Dataset entries
==============================

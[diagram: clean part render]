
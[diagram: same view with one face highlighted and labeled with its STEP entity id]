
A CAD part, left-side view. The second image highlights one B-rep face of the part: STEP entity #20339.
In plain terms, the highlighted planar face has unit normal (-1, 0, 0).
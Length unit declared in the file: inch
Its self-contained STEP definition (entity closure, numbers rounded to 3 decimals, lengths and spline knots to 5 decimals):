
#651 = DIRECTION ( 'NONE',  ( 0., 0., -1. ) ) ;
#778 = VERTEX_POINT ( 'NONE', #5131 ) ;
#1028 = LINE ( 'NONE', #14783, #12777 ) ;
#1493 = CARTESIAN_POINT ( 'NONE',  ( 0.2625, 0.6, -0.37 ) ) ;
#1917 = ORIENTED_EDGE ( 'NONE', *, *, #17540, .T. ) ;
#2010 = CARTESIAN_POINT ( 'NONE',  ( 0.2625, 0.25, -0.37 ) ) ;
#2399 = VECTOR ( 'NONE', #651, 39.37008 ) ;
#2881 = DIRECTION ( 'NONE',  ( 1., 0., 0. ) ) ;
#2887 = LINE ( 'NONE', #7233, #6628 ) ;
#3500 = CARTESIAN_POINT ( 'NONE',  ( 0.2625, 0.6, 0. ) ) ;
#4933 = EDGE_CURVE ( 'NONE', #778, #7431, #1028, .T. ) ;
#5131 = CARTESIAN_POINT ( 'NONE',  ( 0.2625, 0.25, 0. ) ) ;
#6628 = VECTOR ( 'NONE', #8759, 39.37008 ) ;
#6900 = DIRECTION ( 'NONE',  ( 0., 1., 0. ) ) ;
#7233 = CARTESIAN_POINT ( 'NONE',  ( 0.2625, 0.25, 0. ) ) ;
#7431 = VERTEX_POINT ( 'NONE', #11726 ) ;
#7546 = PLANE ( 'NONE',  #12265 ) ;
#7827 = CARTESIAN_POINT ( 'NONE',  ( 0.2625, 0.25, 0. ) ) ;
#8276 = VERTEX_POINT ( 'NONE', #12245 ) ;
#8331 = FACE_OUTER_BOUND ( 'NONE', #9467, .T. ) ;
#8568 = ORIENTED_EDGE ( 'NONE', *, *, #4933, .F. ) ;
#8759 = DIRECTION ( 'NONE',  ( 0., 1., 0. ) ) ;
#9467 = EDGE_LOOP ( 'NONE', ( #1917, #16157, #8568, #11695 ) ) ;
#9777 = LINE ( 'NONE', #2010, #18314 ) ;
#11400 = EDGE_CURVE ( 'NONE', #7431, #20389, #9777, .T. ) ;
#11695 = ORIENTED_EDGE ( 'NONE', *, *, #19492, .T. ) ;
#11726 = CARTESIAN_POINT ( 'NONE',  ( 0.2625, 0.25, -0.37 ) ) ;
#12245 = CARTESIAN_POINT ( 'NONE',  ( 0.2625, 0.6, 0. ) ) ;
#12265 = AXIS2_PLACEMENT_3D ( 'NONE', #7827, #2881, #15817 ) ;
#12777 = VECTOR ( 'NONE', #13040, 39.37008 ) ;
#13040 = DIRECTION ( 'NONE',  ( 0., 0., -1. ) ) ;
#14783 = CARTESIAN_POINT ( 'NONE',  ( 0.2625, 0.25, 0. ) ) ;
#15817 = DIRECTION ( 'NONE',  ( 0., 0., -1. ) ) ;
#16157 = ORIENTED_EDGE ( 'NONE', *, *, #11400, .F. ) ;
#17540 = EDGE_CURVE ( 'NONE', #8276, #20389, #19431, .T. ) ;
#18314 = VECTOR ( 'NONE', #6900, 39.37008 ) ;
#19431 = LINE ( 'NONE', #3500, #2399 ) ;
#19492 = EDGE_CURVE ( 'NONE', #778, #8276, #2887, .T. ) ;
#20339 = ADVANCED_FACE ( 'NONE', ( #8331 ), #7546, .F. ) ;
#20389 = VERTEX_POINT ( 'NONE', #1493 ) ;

==============================

- **Task statement**:
Filter the records above for the string "VECTOR" and copy each matching line.

- **Result for this task**:
#2399 = VECTOR ( 'NONE', #651, 39.37008 ) ;
#6628 = VECTOR ( 'NONE', #8759, 39.37008 ) ;
#12777 = VECTOR ( 'NONE', #13040, 39.37008 ) ;
#18314 = VECTOR ( 'NONE', #6900, 39.37008 ) ;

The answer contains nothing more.